# Has anyone else had trouble with the HDMI connection?



## Dragle (Dec 10, 2011)

I just got an Amazon Basics HDMI cable for my Fire HD 8.9.  When I hooked it up to the TV, the connection went in and out; even when the picture stayed on, the sound went in and out, if I so much as moved anything.  After fiddling with it (unplugging/plugging the Fire end and wiggling it) I got it to stay on with sound as long as I didn't move the Fire or cable at all.  

I can't tell if the problem is a bad cable connector or a bad HDMI port on the Fire.  I figure I might order another cable and if I still have trouble, contact CS and see if I need to exchange the Fire.  Wondering if anyone else has had issues, for comparison.


----------



## Betsy the Quilter (Oct 27, 2008)

I used my existing HDMI cable and an adapter and have had no problems.  Although, once I've got it set up, I don't move it...

Do you have a DVD player or something else with an HDMI connection? Roku? You could test the cable and/or your TV's connection that way.  Make sure that side is sound.

Betsy


----------



## Dragle (Dec 10, 2011)

Nope, this is the only HDMI device I have, except for my laptop which has a standard size port, not the micro port like the Fire has, so I can't test it with that.  Good idea, though.


----------



## skodawoman (Jan 7, 2013)

I purchased an adapter connector cost less than £5 from Amazon then use an normal HDMI lead but it must be direct to your tv monitor  ie not through a dvd recorder .or through a HMDI 4 way port .
If its still not working I would try a new cable .


----------



## Betsy the Quilter (Oct 27, 2008)

Dragle said:


> Nope, this is the only HDMI device I have, except for my laptop which has a standard size port, not the micro port like the Fire has, so I can't test it with that. Good idea, though.

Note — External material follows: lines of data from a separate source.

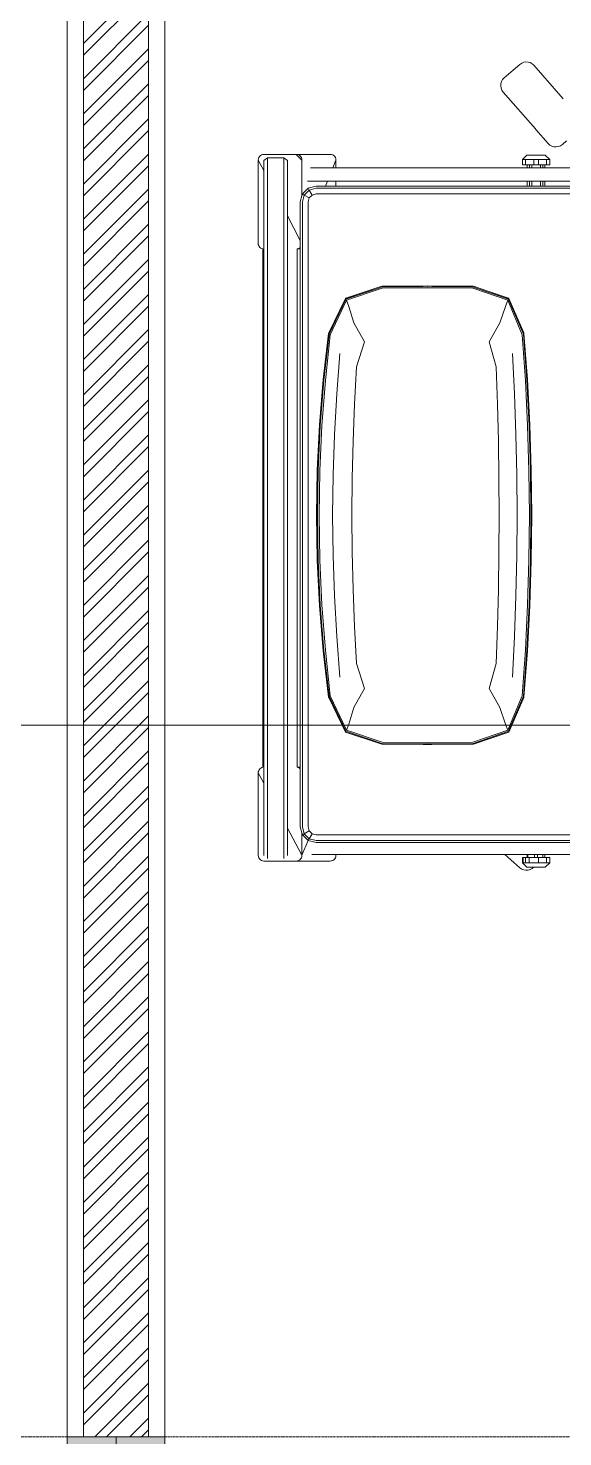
# Model space of a CAD drawing. Header units: millimetres. Extents: x -280308 to 6402717, y -14 to 2073074.
# Drawn here: x -26977 to -26157, y 479248 to 481410 of the extents above; entities that cross this region are included whole.
import ezdxf
from ezdxf.enums import TextEntityAlignment as Align

# ---------------------------------------------------------------- set-up
doc = ezdxf.new("R2010")
doc.units = ezdxf.units.MM
doc.linetypes.add('DASHED2', pattern=[0.375, 0.25, -0.125])
doc.layers.get('0').update_dxf_attribs({"lineweight": 0})
for name, color, linetype, lineweight in [('A-ALINE-1', 91, 'Continuous', 20), ('A-ALINE-3', 111, 'Continuous', 15), ('A-ALINE-6', 117, 'Continuous', 9), ('A-FURN-EQPM', 177, 'Continuous', 0), ('A-Z22-T-Anno_Text', 152, 'Continuous', 9)]:
    doc.layers.add(name, color=color, linetype=linetype, lineweight=lineweight)
doc.layers.add('A-FILL-1', color=7, linetype='Continuous', lineweight=0, true_color=0x454545)
doc.styles.add('TGF_A', font='arial.ttf')

# ---------------------------------------------------------------- blocks, each defined once
blk = doc.blocks.new('A$Ccf87384a')
blk.add_wipeout([(-75, 75), (75, 75), (75, -75), (-75, -75)])
blk.add_wipeout([(-75, -75), (-75, 75), (75, 75), (75, -75)])
at = {"layer": 'A-FILL-1', "ltscale": 0.25}
h = blk.add_hatch(color=256, dxfattribs=at)
h.dxf.hatch_style = 1
h.paths.add_polyline_path([(-75, -75), (-75, 75), (75, 75), (75, -75)])
at = {"layer": 'A-ALINE-1'}
blk.add_lwpolyline([(-75, -75), (-75, 75), (75, 75), (75, -75)], close=True, dxfattribs=at)
at = {"layer": 'A-FILL-1', "ltscale": 0.25}
for p, q in [((0, 75), (0, -75)), ((-75, 0), (75, 0))]:
    blk.add_line(p, q, dxfattribs=at)
blk = doc.blocks.new('A$C286adef0')
at = {"layer": 'A-FILL-1', "ltscale": 0.25}
h = blk.add_hatch(dxfattribs=at)
h.set_pattern_fill('ANSI32', color=256, scale=4, angle=180)
h.set_pattern_definition([(225, (123800.98, -40218.705), (26.940768, -26.940768), []), (225, (123783.02, -40218.705), (26.940768, -26.940768), [])])
h.paths.add_polyline_path([(19122.8, -21197), (19122.8, -15497), (19222.8, -15497), (19222.8, -21197)])
at = {"layer": 'A-ALINE-3', "linetype": 'Continuous'}
blk.add_lwpolyline([(19122.8, -21197), (19122.8, -15497), (19222.8, -15497), (19222.8, -21197)], close=True, dxfattribs=at)
at = {"layer": 'A-ALINE-6'}
blk.add_lwpolyline([(19097.8, -21197), (19097.8, -15497), (19247.8, -15497), (19247.8, -21197)], close=True, dxfattribs=at)
at = {"ltscale": 0.25}
blk.add_blockref('A$Ccf87384a', (19172.8, -21272), dxfattribs=at)
at = {"color": 0, "linetype": 'DASHED2', "lineweight": -2, "ltscale": 6}
for points in [[(19097.8, -17197), (16781.1, -17197), (16781.1, -21197), (19097.8, -21197)], [(19247.8, -18347), (23247.8, -18347), (23247.8, -21197), (19247.8, -21197)]]:
    blk.add_lwpolyline(points, close=True, dxfattribs=at)
blk = doc.blocks.new('*U540')
at = {"lineweight": -2}
blk.add_lwpolyline([(0.23438, 0), (7.63166, 0)], dxfattribs=at)
at = {"color": 7, "lineweight": -2, "style": 'TGF_A', "flags": 8}
for tag, height, p in [('NOTE1', 0.0625, (0, 0.3375)), ('DET', 0.09375, (0, 0.09612)), ('SHT', 0.075, (0, -0.10211)), ('NOTE2', 0.0625, (0, -0.39942))]:
    blk.add_attdef(tag, text='', height=height, dxfattribs=at).set_placement(p, align=Align.MIDDLE)
blk = doc.blocks.new('A$Cba193409')
at = {"layer": 'A-Z22-T-Anno_Text', "color": 7, "xscale": 4266.666666600002, "yscale": 4266.666666600002, "zscale": 4266.666666600002}
blk.add_blockref('*U540', (-74879.7, -18683), dxfattribs=at)
blk = doc.blocks.new('A$C872eac23')
at = {"color": 0, "linetype": 'ByBlock', "lineweight": -2}
for p, q in [((-0.5429, -0.0018), (-0.5426, 0.0002)), ((-0.5426, 0.0002), (-0.542, 0.0021)), ((-0.542, 0.0021), (-0.5409, 0.0037)), ((-0.5409, 0.0037), (-0.5396, 0.0051)), ((-0.5396, 0.0051), (-0.5379, 0.0061)), ((-0.5379, 0.0061), (-0.536, 0.0068)), ((-0.536, 0.0068), (-0.534, 0.007)), ((-0.534, 0.007), (-0.4063, 0.007)), ((-0.534, 0.007), (-0.518, -0.0014)), ((-0.4063, 0.007), (-0.4046, 0.0069)), ((-0.4046, 0.0069), (-0.4029, 0.0063)), ((-0.4029, 0.0063), (-0.4014, 0.0055)), ((-0.4014, 0.0055), (-0.4001, 0.0045)), ((-0.4001, 0.0045), (-0.399, 0.0031)), ((-0.399, 0.0031), (-0.3982, 0.0017)), ((-0.3982, 0.0017), (-0.3977, 0)), ((-0.3977, 0), (0.3977, 0)), ((0.3977, 0), (0.3982, 0.0017)), ((0.3982, 0.0017), (0.399, 0.0032)), ((0.399, 0.0032), (0.4001, 0.0045)), ((0.4001, 0.0045), (0.4014, 0.0055)), ((0.4014, 0.0055), (0.4029, 0.0063)), ((0.4029, 0.0063), (0.4046, 0.0069)), ((0.4046, 0.0069), (0.4064, 0.007)), ((0.4064, 0.007), (0.5327, 0.007)), ((0.4064, 0.007), (0.4222, -0.0014)), ((0.5327, 0.007), (0.5348, 0.0068)), ((0.5348, 0.0068), (0.5366, 0.0061)), ((0.5366, 0.0061), (0.5383, 0.0051)), ((0.5383, 0.0051), (0.5396, 0.0037)), ((0.5396, 0.0037), (0.5407, 0.0021)), ((0.5407, 0.0021), (0.5413, 0.0002)), ((0.5413, 0.0002), (0.5416, -0.0018)), ((-0.5429, -0.0511), (-0.5429, -0.0018)), ((-0.5333, -0.0014), (-0.5378, -0.0071)), ((-0.5378, -0.0071), (-0.5378, -0.0321)), ((-0.5378, -0.0071), (0.5376, -0.0071)), ((-0.5333, -0.0014), (-0.518, -0.0014)), ((0.4222, -0.0014), (-0.518, -0.0014)), ((0.5331, -0.0014), (0.4222, -0.0014)), ((0.5416, -0.0018), (0.5416, -0.0511)), ((-0.5333, -0.0378), (-0.5378, -0.0321)), ((-0.5378, -0.0321), (0.5376, -0.0321)), ((-0.5333, -0.0378), (-0.4486, -0.0378)), ((-0.4486, -0.0378), (-0.4109, -0.0575)), ((-0.4486, -0.0378), (0.4909, -0.0378)), ((0.4909, -0.0378), (0.5317, -0.0594)), ((0.5331, -0.0378), (0.4909, -0.0378)), ((-0.5429, -0.1034), (-0.5429, -0.0511)), ((-0.5426, -0.0531), (-0.5429, -0.0511)), ((-0.534, -0.06), (-0.5429, -0.0511)), ((-0.542, -0.055), (-0.5426, -0.0531)), ((-0.5409, -0.0566), (-0.542, -0.055)), ((-0.5396, -0.058), (-0.5409, -0.0566)), ((-0.5379, -0.0591), (-0.5396, -0.058)), ((-0.536, -0.0597), (-0.5379, -0.0591)), ((-0.534, -0.06), (-0.536, -0.0597)), ((-0.479, -0.06), (-0.534, -0.06)), ((-0.4821, -0.0608), (-0.4909, -0.0696)), ((-0.4805, -0.0636), (-0.4881, -0.0712)), ((-0.479, -0.06), (-0.4821, -0.0608)), ((-0.4821, -0.0608), (-0.4805, -0.0636)), ((-0.47, -0.0608), (-0.4805, -0.0636)), ((-0.4805, -0.0636), (-0.476, -0.0712)), ((-0.47, -0.0575), (-0.479, -0.06)), ((-0.4109, -0.0575), (-0.47, -0.0575)), ((-0.47, -0.0608), (0.4892, -0.0608)), ((-0.4003, -0.0575), (-0.4109, -0.0575)), ((-0.4001, -0.0574), (-0.4003, -0.0575)), ((-0.4003, -0.0575), (-0.3977, -0.0575)), ((-0.399, -0.0561), (-0.4001, -0.0574)), ((-0.3982, -0.0546), (-0.399, -0.0561)), ((-0.3977, -0.0529), (-0.3982, -0.0546)), ((-0.3977, -0.0575), (-0.3977, -0.0529)), ((0.3977, -0.0529), (-0.3977, -0.0529)), ((-0.3977, -0.0575), (0.3977, -0.0575)), ((0.3982, -0.0546), (0.3977, -0.0529)), ((0.3977, -0.0529), (0.3977, -0.0575)), ((0.4003, -0.0575), (0.3977, -0.0575)), ((0.399, -0.0561), (0.3982, -0.0546)), ((0.4001, -0.0574), (0.399, -0.0561)), ((0.4003, -0.0575), (0.4001, -0.0574)), ((0.4892, -0.0575), (0.4003, -0.0575)), ((0.4982, -0.06), (0.4892, -0.0575)), ((0.4996, -0.0636), (0.4892, -0.0608)), ((0.4996, -0.0636), (0.4952, -0.0712)), ((0.5327, -0.06), (0.4982, -0.06)), ((0.5013, -0.0608), (0.4982, -0.06)), ((0.5013, -0.0608), (0.4996, -0.0636)), ((0.5073, -0.0712), (0.4996, -0.0636)), ((0.5099, -0.0694), (0.5013, -0.0608)), ((0.5099, -0.0694), (0.5327, -0.06)), ((0.5317, -0.0595), (0.5317, -0.0594)), ((0.5317, -0.0594), (0.5327, -0.06)), ((0.5348, -0.0597), (0.5327, -0.06)), ((0.5366, -0.0591), (0.5348, -0.0597)), ((0.5383, -0.058), (0.5366, -0.0591)), ((0.5396, -0.0566), (0.5383, -0.058)), ((0.5407, -0.055), (0.5396, -0.0566)), ((0.5413, -0.0531), (0.5407, -0.055)), ((0.5416, -0.0511), (0.5413, -0.0531)), ((0.5416, -0.1034), (0.5416, -0.0511)), ((-0.5224, -0.0729), (-0.5224, -0.1075)), ((-0.5019, -0.0991), (-0.5019, -0.0687)), ((-0.4909, -0.0696), (-0.4941, -0.0817)), ((-0.4941, -0.0817), (-0.4941, -0.0959)), ((-0.4909, -0.0696), (-0.4881, -0.0712)), ((-0.4881, -0.0712), (-0.4909, -0.0817)), ((-0.4909, -2.1111), (-0.4909, -0.0817)), ((-0.4881, -0.0712), (-0.4805, -0.0757)), ((-0.4805, -0.0757), (-0.4821, -0.0817)), ((-0.4821, -2.1111), (-0.4821, -0.0817)), ((-0.476, -0.0712), (-0.4805, -0.0757)), ((-0.47, -0.0696), (-0.476, -0.0712)), ((-0.47, -0.0696), (0.4892, -0.0696)), ((-0.0584, -0.0835), (-0.1276, -0.0868)), ((-0.127, -0.0881), (-0.0581, -0.0849)), ((-0.0584, -0.0835), (0.0109, -0.0824)), ((-0.0581, -0.0849), (0.0109, -0.0838)), ((0.0109, -0.0865), (-0.058, -0.0875)), ((0.0801, -0.0835), (0.0109, -0.0824)), ((0.0109, -0.0838), (0.0798, -0.0849)), ((0.0797, -0.0875), (0.0109, -0.0865)), ((0.0798, -0.0849), (0.1487, -0.0881)), ((0.0801, -0.0835), (0.1493, -0.0868)), ((0.4952, -0.0712), (0.4892, -0.0696)), ((0.4996, -0.0757), (0.4952, -0.0712)), ((0.5073, -0.0712), (0.4996, -0.0757)), ((0.5013, -0.0817), (0.4996, -0.0757)), ((0.5013, -0.0817), (0.5013, -1.3546)), ((0.5101, -0.0696), (0.5073, -0.0712)), ((0.5101, -0.0817), (0.5073, -0.0712)), ((0.5101, -0.0696), (0.5099, -0.0694)), ((0.5133, -0.0817), (0.5101, -0.0696)), ((0.5101, -0.0817), (0.5101, -1.3546)), ((0.5133, -0.0817), (0.5133, -1.3546)), ((0.5317, -0.1122), (0.5317, -0.0752)), ((-0.5429, -0.1034), (-0.5426, -0.1054)), ((-0.5426, -0.1054), (-0.542, -0.1072)), ((-0.542, -0.1072), (-0.5409, -0.1089)), ((-0.534, -0.1122), (-0.5224, -0.1075)), ((-0.5224, -0.1075), (-0.5224, -0.1122)), ((-0.5019, -0.0991), (-0.4941, -0.0959)), ((-0.5019, -0.1122), (-0.5019, -0.0991)), ((-0.4941, -0.0959), (-0.4941, -0.1122)), ((-0.2688, -0.1013), (-0.3218, -0.127)), ((-0.3205, -0.1274), (-0.2669, -0.1017)), ((-0.266, -0.1035), (-0.3191, -0.1286)), ((-0.2688, -0.1013), (-0.2681, -0.1009)), ((-0.1973, -0.0925), (-0.2681, -0.1009)), ((-0.2669, -0.1017), (-0.1965, -0.0936)), ((-0.196, -0.096), (-0.266, -0.1035)), ((-0.1973, -0.0925), (-0.1276, -0.0868)), ((-0.1965, -0.0936), (-0.127, -0.0881)), ((-0.1268, -0.0907), (-0.196, -0.096)), ((-0.058, -0.0875), (-0.1268, -0.0907)), ((-0.0511, -0.1078), (-0.1131, -0.1099)), ((-0.0511, -0.1078), (0.0109, -0.1071)), ((0.0729, -0.1078), (0.0109, -0.1071)), ((0.0729, -0.1078), (0.1348, -0.1099)), ((0.1485, -0.0907), (0.0797, -0.0875)), ((0.2178, -0.096), (0.1485, -0.0907)), ((0.1487, -0.0881), (0.2182, -0.0936)), ((0.2191, -0.0925), (0.1493, -0.0868)), ((0.2878, -0.1035), (0.2178, -0.096)), ((0.2182, -0.0936), (0.2887, -0.1017)), ((0.2191, -0.0925), (0.2898, -0.1009)), ((0.3408, -0.1286), (0.2878, -0.1035)), ((0.2887, -0.1017), (0.3422, -0.1274)), ((0.2906, -0.1013), (0.2898, -0.1009)), ((0.2906, -0.1013), (0.3435, -0.127)), ((0.5396, -0.1089), (0.5407, -0.1072)), ((0.5407, -0.1072), (0.5413, -0.1054)), ((0.5413, -0.1054), (0.5416, -0.1034)), ((-0.5409, -0.1089), (-0.5396, -0.1103)), ((-0.5396, -0.1103), (-0.5379, -0.1113)), ((-0.5379, -0.1113), (-0.536, -0.112)), ((-0.536, -0.112), (-0.534, -0.1122)), ((-0.534, -0.1122), (-0.5224, -0.1122)), ((-0.5224, -0.1122), (-0.5224, -0.4056)), ((-0.5019, -0.1122), (-0.4941, -0.1122)), ((-0.5019, -0.4056), (-0.5019, -0.1122)), ((-0.4941, -0.4056), (-0.4941, -0.1122)), ((-0.3223, -0.1273), (-0.3405, -0.1824)), ((-0.3218, -0.127), (-0.3404, -0.1823)), ((-0.3392, -0.1825), (-0.3205, -0.1274)), ((-0.3191, -0.1286), (-0.3374, -0.1831)), ((-0.3218, -0.127), (-0.3223, -0.1273)), ((-0.3205, -0.1274), (-0.3218, -0.127)), ((-0.3096, -0.1319), (-0.3191, -0.1286)), ((-0.1752, -0.1134), (-0.2375, -0.1183)), ((-0.1752, -0.1134), (-0.1131, -0.1099)), ((0.1969, -0.1134), (0.1348, -0.1099)), ((0.1969, -0.1134), (0.2592, -0.1183)), ((0.3314, -0.1319), (0.3408, -0.1286)), ((0.3591, -0.1831), (0.3408, -0.1286)), ((0.3435, -0.127), (0.3422, -0.1274)), ((0.3422, -0.1274), (0.3609, -0.1825)), ((0.344, -0.1273), (0.3435, -0.127)), ((0.3435, -0.127), (0.3621, -0.1823)), ((0.3623, -0.1824), (0.344, -0.1273)), ((0.5317, -0.1122), (0.5327, -0.1122)), ((0.5317, -0.371), (0.5317, -0.1122)), ((0.5327, -0.1122), (0.5348, -0.112)), ((0.5348, -0.112), (0.5366, -0.1113)), ((0.5366, -0.1113), (0.5383, -0.1103)), ((0.5383, -0.1103), (0.5396, -0.1089)), ((-0.2843, -0.1394), (-0.3096, -0.1319)), ((-0.2551, -0.1558), (-0.2843, -0.1394)), ((-0.2166, -0.1437), (-0.2551, -0.1558)), ((-0.1597, -0.1406), (-0.2166, -0.1437)), ((-0.1028, -0.1384), (-0.1597, -0.1406)), ((-0.046, -0.137), (-0.1028, -0.1384)), ((0.0109, -0.1366), (-0.046, -0.137)), ((0.0677, -0.137), (0.0109, -0.1366)), ((0.1246, -0.1384), (0.0677, -0.137)), ((0.1814, -0.1406), (0.1246, -0.1384)), ((0.2384, -0.1437), (0.1814, -0.1406)), ((0.2768, -0.1558), (0.2384, -0.1437)), ((0.306, -0.1394), (0.2768, -0.1558)), ((0.3314, -0.1319), (0.306, -0.1394)), ((-0.3408, -0.246), (-0.3404, -0.1823)), ((-0.3405, -0.1824), (-0.3408, -0.246)), ((-0.3398, -0.2526), (-0.3392, -0.1825)), ((-0.3374, -0.1831), (-0.3379, -0.2526)), ((0.3596, -0.2526), (0.3591, -0.1831)), ((0.3609, -0.1825), (0.3615, -0.2526)), ((0.3626, -0.246), (0.3621, -0.1823)), ((0.3626, -0.246), (0.3623, -0.1824)), ((-0.3409, -0.2526), (-0.3408, -0.246)), ((-0.3409, -0.2526), (-0.3408, -0.2592)), ((-0.3408, -0.2592), (-0.3405, -0.3228)), ((-0.3408, -0.2592), (-0.3404, -0.3229)), ((-0.3392, -0.3227), (-0.3398, -0.2526)), ((-0.3379, -0.2526), (-0.3374, -0.3221)), ((0.3591, -0.3221), (0.3596, -0.2526)), ((0.3615, -0.2526), (0.3609, -0.3227)), ((0.3626, -0.2592), (0.3621, -0.3229)), ((0.3623, -0.3228), (0.3626, -0.2592)), ((0.3626, -0.2526), (0.3626, -0.246)), ((0.3626, -0.2526), (0.3626, -0.2592)), ((-0.3405, -0.3228), (-0.3223, -0.377)), ((-0.3218, -0.3773), (-0.3404, -0.3229)), ((-0.3205, -0.3769), (-0.3392, -0.3227)), ((-0.3374, -0.3221), (-0.3191, -0.3756)), ((0.3408, -0.3756), (0.3591, -0.3221)), ((0.3609, -0.3227), (0.3422, -0.3769)), ((0.3435, -0.3773), (0.3621, -0.3229)), ((0.344, -0.377), (0.3623, -0.3228)), ((-0.6575, -0.3677), (-0.6545, -0.3661)), ((-0.6545, -0.3661), (-0.6512, -0.3651)), ((-0.6512, -0.3651), (-0.6479, -0.3649)), ((-0.6479, -0.3649), (-0.6445, -0.3654)), ((-0.6445, -0.3654), (-0.6414, -0.3667)), ((-0.6414, -0.3667), (-0.6384, -0.3687)), ((-0.3096, -0.3719), (-0.2843, -0.3637)), ((-0.2843, -0.3637), (-0.2551, -0.3469)), ((-0.2166, -0.3578), (-0.2551, -0.3469)), ((-0.1597, -0.3597), (-0.2166, -0.3578)), ((-0.1028, -0.3612), (-0.1597, -0.3597)), ((-0.046, -0.362), (-0.1028, -0.3612)), ((0.0109, -0.3623), (-0.046, -0.362)), ((0.0677, -0.362), (0.0109, -0.3623)), ((0.1246, -0.3612), (0.0677, -0.362)), ((0.1814, -0.3597), (0.1246, -0.3612)), ((0.2384, -0.3578), (0.1814, -0.3597)), ((0.2768, -0.3469), (0.2384, -0.3578)), ((0.2768, -0.3469), (0.306, -0.3637)), ((0.306, -0.3637), (0.3314, -0.3719)), ((-0.681, -0.3941), (-0.6601, -0.3701)), ((-0.6601, -0.3701), (-0.6575, -0.3677)), ((-0.6384, -0.3687), (-0.5819, -0.4181)), ((-0.3223, -0.377), (-0.3218, -0.3773)), ((-0.3218, -0.3773), (-0.3205, -0.3769)), ((-0.2688, -0.4001), (-0.3218, -0.3773)), ((-0.2669, -0.3997), (-0.3205, -0.3769)), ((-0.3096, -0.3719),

Dragle, it does sound like you might have to try a new cable. Keep us posted.

Betsy


----------



## Dragle (Dec 10, 2011)

I finally fiddled with it some more today and I think it's probably just the cable, based on holding the connector steady in the port while wiggling the cable and having the connection go out.  Amazon is sending me a new one which should be here Tuesday, so I have my fingers crossed that will solve the problem.


----------



## Betsy the Quilter (Oct 27, 2008)

Fingers crossed!  Hope it works.  Let us know!

Betsy


----------



## Dragle (Dec 10, 2011)

I received the new cable today. It seems to work fine so far! I did have to unplug and replug once, making sure it was in securely, then it kept the connection even when I picked up and moved the device around.


----------



## Betsy the Quilter (Oct 27, 2008)

Yay, Dragle!  Glad to hear it.  Thanks for letting us know.

Betsy


----------



## Hadou (Jun 1, 2011)

Haven't had any issues with mine other than a crappy connector on the cable I had.  Once I replaced the cable, all was well.  I was initially worried, however, because it seemed like the connector on my fire was a little wobbly.


----------



## comfortablynumb (Dec 30, 2011)

I just ordered a cable from amazon yesterday, haven't gotten it yet, I went wtih the BlueRigger brand it seemed to have a stronger connector from reading the description. The ends have a full metal protector where as some other cables just use a foil. Not sure if it's just marketing fluff or what but with prime it was only $6.99. Amazon link B0060AU5MW


----------